Material shown: Begin
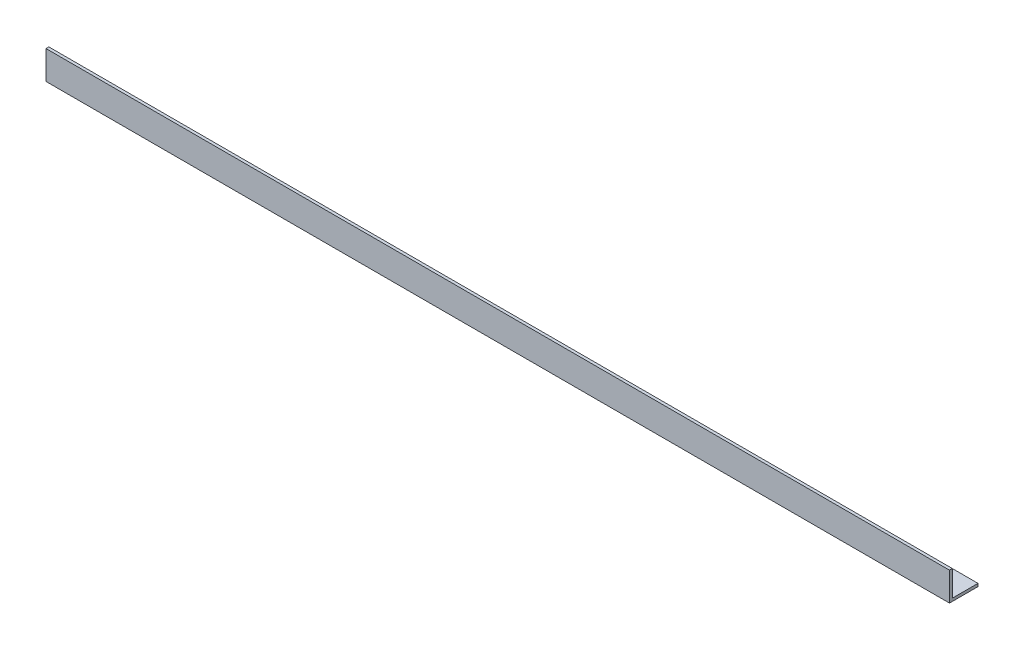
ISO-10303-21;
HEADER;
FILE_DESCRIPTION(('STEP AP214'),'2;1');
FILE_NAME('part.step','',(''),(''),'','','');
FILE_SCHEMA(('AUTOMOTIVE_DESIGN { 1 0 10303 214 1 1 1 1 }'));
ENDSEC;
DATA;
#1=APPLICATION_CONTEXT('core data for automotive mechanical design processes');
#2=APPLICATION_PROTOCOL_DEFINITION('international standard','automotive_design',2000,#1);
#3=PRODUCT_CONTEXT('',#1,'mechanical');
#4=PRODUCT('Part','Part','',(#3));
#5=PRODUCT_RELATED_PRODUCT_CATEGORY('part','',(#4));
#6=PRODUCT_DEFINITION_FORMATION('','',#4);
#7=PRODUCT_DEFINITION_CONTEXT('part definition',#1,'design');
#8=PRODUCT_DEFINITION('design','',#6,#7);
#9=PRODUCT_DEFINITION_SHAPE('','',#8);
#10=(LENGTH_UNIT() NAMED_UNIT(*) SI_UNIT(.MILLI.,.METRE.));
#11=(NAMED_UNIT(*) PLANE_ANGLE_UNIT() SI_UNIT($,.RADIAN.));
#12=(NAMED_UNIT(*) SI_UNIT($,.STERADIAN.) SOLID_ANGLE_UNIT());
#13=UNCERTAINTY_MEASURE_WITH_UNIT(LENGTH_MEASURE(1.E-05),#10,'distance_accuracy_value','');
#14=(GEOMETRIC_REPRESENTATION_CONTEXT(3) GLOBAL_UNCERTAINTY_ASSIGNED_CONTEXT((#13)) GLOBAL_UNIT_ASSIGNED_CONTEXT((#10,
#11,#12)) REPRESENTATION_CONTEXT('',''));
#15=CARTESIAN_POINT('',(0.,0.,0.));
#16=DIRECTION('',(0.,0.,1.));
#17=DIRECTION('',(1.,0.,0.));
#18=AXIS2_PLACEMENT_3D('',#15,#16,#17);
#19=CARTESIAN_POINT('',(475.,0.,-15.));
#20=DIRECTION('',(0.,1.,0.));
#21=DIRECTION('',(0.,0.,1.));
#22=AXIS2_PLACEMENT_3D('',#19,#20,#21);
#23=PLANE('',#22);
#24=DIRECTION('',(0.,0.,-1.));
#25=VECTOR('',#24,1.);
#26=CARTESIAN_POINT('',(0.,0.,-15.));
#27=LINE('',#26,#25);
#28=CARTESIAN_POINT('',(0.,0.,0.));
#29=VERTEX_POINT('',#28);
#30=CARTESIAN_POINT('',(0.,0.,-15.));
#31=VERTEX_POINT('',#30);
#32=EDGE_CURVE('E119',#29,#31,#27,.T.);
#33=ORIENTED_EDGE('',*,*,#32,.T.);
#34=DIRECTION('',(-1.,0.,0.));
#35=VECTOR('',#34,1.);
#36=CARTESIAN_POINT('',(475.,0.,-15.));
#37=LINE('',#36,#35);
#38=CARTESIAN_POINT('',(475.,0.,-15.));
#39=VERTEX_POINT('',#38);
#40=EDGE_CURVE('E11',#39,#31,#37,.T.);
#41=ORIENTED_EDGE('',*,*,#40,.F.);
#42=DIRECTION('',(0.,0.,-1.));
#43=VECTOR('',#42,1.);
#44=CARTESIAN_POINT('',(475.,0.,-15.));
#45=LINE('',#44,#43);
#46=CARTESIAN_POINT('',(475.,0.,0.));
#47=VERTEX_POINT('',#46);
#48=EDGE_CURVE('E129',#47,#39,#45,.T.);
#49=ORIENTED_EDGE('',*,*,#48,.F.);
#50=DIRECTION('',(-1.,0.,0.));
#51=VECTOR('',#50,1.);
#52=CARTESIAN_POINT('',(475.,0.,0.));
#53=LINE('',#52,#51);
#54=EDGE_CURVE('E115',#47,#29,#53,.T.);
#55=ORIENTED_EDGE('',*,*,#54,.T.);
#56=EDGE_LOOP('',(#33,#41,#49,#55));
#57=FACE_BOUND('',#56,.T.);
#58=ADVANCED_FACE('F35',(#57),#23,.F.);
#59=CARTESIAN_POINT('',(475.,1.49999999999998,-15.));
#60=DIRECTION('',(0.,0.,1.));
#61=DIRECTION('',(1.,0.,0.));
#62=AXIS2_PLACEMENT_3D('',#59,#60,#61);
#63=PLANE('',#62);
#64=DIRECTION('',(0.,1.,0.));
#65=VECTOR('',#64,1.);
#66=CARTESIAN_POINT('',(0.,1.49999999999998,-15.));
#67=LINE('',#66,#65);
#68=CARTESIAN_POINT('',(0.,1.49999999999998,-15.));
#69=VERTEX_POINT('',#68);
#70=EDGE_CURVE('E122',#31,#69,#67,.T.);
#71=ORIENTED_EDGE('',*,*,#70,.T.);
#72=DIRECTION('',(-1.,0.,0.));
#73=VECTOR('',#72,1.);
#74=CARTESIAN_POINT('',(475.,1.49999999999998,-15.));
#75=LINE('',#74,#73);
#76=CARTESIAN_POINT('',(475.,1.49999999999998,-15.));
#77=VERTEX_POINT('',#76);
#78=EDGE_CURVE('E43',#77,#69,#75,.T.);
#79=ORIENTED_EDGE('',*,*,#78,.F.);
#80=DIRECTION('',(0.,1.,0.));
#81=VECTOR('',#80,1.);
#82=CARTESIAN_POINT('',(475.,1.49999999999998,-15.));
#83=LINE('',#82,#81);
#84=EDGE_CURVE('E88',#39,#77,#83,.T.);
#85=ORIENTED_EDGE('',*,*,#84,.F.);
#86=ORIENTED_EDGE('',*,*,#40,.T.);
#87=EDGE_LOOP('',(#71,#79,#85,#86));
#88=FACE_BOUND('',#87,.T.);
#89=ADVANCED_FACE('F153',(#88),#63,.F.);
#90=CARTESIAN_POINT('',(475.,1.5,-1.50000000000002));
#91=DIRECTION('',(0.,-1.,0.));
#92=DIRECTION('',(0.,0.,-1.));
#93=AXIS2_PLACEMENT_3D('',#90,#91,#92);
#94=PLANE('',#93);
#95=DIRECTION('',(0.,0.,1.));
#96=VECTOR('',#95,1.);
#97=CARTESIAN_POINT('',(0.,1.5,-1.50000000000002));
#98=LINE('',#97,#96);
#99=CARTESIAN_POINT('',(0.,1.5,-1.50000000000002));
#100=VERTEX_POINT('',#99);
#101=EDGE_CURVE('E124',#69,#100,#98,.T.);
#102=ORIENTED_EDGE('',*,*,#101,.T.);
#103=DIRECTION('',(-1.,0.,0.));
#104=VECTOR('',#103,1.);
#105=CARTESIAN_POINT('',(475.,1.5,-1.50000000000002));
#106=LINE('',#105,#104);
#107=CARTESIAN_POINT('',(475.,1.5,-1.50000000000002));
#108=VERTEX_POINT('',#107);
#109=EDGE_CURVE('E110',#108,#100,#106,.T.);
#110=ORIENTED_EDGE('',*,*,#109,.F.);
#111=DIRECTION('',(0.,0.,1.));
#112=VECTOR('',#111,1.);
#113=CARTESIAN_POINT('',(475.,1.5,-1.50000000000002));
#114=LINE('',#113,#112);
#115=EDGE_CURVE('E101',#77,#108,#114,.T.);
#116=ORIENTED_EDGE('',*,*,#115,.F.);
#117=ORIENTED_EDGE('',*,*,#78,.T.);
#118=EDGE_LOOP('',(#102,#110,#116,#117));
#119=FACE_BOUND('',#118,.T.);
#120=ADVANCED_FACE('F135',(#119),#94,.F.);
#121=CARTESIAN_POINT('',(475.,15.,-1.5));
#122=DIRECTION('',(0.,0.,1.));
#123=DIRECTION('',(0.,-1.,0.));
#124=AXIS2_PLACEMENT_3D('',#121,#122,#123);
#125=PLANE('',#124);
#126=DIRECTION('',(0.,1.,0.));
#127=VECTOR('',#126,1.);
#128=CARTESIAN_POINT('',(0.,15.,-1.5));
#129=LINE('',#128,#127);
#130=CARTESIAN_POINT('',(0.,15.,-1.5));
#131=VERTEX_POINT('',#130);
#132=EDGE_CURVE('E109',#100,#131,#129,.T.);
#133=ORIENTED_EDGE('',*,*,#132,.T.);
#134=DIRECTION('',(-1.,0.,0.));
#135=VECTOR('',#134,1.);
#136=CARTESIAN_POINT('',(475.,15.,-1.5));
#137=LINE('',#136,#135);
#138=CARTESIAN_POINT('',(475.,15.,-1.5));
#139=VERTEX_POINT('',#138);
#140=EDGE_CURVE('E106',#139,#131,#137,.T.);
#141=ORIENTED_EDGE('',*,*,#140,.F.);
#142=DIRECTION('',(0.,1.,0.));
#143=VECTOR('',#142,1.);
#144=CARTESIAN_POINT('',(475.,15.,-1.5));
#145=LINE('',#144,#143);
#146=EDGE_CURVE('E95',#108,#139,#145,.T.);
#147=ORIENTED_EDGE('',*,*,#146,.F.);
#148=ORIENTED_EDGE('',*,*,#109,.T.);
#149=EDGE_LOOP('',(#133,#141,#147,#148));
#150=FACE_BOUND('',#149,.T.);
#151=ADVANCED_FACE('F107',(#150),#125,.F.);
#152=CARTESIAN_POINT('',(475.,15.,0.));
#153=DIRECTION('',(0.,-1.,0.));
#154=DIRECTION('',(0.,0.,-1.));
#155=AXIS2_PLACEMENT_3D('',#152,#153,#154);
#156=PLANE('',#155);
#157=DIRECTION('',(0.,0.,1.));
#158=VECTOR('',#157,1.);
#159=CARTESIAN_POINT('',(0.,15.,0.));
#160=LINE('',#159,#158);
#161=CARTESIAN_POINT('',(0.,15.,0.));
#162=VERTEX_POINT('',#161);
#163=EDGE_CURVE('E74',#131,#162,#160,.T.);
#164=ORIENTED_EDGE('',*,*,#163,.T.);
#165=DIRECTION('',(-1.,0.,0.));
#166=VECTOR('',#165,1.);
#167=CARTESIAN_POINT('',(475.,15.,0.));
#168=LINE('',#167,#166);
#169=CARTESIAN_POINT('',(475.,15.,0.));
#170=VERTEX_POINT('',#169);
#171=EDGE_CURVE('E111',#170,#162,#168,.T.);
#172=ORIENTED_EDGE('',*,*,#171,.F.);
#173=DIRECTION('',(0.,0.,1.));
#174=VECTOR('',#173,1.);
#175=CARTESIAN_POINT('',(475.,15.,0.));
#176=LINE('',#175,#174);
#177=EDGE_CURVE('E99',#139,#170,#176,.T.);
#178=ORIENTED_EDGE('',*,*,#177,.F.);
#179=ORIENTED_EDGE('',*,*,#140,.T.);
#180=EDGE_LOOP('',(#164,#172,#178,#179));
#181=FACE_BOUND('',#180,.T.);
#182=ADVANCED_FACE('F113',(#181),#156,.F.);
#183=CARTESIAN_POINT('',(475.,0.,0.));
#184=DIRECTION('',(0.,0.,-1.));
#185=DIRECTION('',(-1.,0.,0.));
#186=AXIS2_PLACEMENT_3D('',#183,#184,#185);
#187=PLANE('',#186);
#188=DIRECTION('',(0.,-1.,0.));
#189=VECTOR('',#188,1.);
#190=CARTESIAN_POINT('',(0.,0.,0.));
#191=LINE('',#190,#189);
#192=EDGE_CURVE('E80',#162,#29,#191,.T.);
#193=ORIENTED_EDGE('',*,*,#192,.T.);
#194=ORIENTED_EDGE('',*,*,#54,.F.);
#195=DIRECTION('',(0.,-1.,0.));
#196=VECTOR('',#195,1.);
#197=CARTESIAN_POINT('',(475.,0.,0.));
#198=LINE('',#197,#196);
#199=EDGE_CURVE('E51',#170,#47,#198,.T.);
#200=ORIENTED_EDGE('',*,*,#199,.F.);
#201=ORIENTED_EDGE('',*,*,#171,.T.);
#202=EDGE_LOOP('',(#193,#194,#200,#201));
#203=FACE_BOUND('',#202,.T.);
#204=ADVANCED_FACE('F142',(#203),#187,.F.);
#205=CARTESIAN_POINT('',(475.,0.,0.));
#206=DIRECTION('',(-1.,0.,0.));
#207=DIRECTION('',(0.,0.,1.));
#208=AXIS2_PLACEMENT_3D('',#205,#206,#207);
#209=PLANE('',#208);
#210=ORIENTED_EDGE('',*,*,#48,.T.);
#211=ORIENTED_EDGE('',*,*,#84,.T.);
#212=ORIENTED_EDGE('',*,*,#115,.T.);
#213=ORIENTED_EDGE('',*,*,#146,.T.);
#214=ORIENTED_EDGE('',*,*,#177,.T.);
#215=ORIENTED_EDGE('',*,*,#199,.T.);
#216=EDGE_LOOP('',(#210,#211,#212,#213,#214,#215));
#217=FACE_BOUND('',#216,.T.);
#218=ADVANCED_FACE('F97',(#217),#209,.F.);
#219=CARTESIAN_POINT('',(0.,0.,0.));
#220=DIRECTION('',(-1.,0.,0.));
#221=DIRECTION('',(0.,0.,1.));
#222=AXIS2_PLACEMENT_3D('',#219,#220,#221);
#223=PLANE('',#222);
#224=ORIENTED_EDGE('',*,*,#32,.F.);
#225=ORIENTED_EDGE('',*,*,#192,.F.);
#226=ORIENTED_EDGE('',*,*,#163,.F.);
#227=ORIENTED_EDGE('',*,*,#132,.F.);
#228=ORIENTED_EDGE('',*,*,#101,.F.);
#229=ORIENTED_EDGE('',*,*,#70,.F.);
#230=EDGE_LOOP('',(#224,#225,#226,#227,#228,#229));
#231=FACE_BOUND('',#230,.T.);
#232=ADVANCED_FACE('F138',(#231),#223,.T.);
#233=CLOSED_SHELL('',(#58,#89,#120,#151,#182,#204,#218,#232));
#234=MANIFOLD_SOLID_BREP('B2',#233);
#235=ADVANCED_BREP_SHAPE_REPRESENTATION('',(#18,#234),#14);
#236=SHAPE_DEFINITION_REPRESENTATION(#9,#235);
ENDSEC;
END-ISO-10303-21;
Material shown: End
→ Task to complete:
Working from the material above, retype exactly the lines from the one with "#39=VERTEX_POINT('',#38);" through the one with "#65=VECTOR('',#64,1.);", both included, and only those lines.

→ Exercise response:
#39=VERTEX_POINT('',#38);
#40=EDGE_CURVE('E11',#39,#31,#37,.T.);
#41=ORIENTED_EDGE('',*,*,#40,.F.);
#42=DIRECTION('',(0.,0.,-1.));
#43=VECTOR('',#42,1.);
#44=CARTESIAN_POINT('',(475.,0.,-15.));
#45=LINE('',#44,#43);
#46=CARTESIAN_POINT('',(475.,0.,0.));
#47=VERTEX_POINT('',#46);
#48=EDGE_CURVE('E129',#47,#39,#45,.T.);
#49=ORIENTED_EDGE('',*,*,#48,.F.);
#50=DIRECTION('',(-1.,0.,0.));
#51=VECTOR('',#50,1.);
#52=CARTESIAN_POINT('',(475.,0.,0.));
#53=LINE('',#52,#51);
#54=EDGE_CURVE('E115',#47,#29,#53,.T.);
#55=ORIENTED_EDGE('',*,*,#54,.T.);
#56=EDGE_LOOP('',(#33,#41,#49,#55));
#57=FACE_BOUND('',#56,.T.);
#58=ADVANCED_FACE('F35',(#57),#23,.F.);
#59=CARTESIAN_POINT('',(475.,1.49999999999998,-15.));
#60=DIRECTION('',(0.,0.,1.));
#61=DIRECTION('',(1.,0.,0.));
#62=AXIS2_PLACEMENT_3D('',#59,#60,#61);
#63=PLANE('',#62);
#64=DIRECTION('',(0.,1.,0.));
#65=VECTOR('',#64,1.);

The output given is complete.